Şehir Taşları "Şanlıurfa"

- Blog Yazısı
İlk çağlardan günümüze kadar taş en önemli yapı malzemelerinden biri olarak kullanılmıştır. Taş doğaya zarar vermeyen, geri dönüşümlü, görsel güzelliği olan ve dayanıklı malzeme oluşundan dolayı yapıda hem taşıyıcı eleman olarak hem de süsleme elemanı olarak kullanılmıştır. Urfa taşı, Şanlıurfa kentinin etrafında yer alan taş ocaklarından çıkarılan bir kireç taşı türüdür. Urfa taşı restorasyon çalışmalarında kullanılabilen, çevre dostu, ocaktan çıktığında oldukça yumuşak olduğundan kolay işlenebilen, hava ile temas ettiğinde sertleşip dayanım kazanan, uzun ömürlü ve çevreye zarar vermeyen sürdürülebilir bir malzemedir.

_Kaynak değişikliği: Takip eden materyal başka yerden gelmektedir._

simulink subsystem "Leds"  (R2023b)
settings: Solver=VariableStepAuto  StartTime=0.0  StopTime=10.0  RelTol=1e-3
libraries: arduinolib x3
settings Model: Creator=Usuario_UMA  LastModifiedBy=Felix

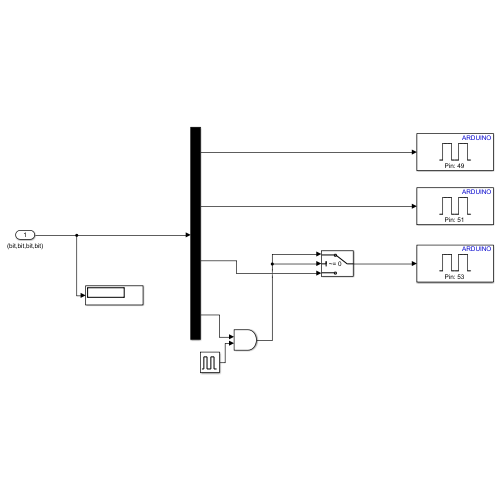
[thumbnail: Simulink's stored preview of the top-level diagram]
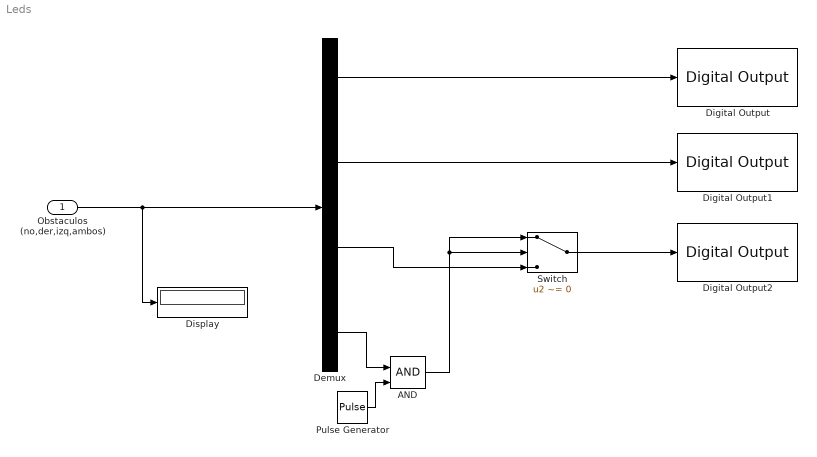
== system Leds ==
  Obstaculos (no,der,izq,ambos) : Inport
  AND : Logic  IconShape=distinctive  AllPortsSameDT=off  OutDataTypeStr=boolean
  Demux : Demux
  Digital Output : arduinolib/Digital Output  pinNumber=51  Direction=output  blockPlatform=arduino
  Digital Output1 : arduinolib/Digital Output  pinNumber=53  Direction=output  blockPlatform=arduino
  Digital Output2 : arduinolib/Digital Output  pinNumber=49  Direction=output  blockPlatform=arduino
  Display : Display
  Pulse Generator : DiscretePulseGenerator  PulseType=Time based  PulseWidth=5
  Switch : Switch  Criteria=u2 ~= 0  SaturateOnIntegerOverflow=off  InputSameDT=off
  wires:
  Demux/4 -> AND/1
  Demux/1 -> Digital Output/1
  Demux/2 -> Digital Output1/1
  Obstaculos (no,der,izq,ambos)/1 -> Demux/1, Display/1
  Pulse Generator/1 -> AND/2
  Switch/1 -> Digital Output2/1
  AND/1 -> Switch/1, Switch/2
  Demux/3 -> Switch/3

Şanlıurfa’da taşın kullanımına 12.000 yıl öncesine ait olan Şanlıurfa’nın 20 km kuzeydoğusunda yer alan Örencik Köyü yakınlarında yer alan dünyanın en eski tapınağı olan Göbeklitepe’de bulunan taşa işlenen kabartmalarla başlanılmıştır. Yüzyıllar önce başlayan taşçı geleneğine Urfa geleneksel kent merkezindeki geleneksel yapılarda kullanılmasıyla devam edilmiştir. Geleneksel yapılarda Urfa taşı özellikle yapı malzemesi ve süsleme ögesi olarak kullanılmıştır. Şanlıurfa geleneksel yapılarda bulunan taş süslemeler; geometrik ve bitkisel motifleriyle zengin bir repertuar sunmaktadır.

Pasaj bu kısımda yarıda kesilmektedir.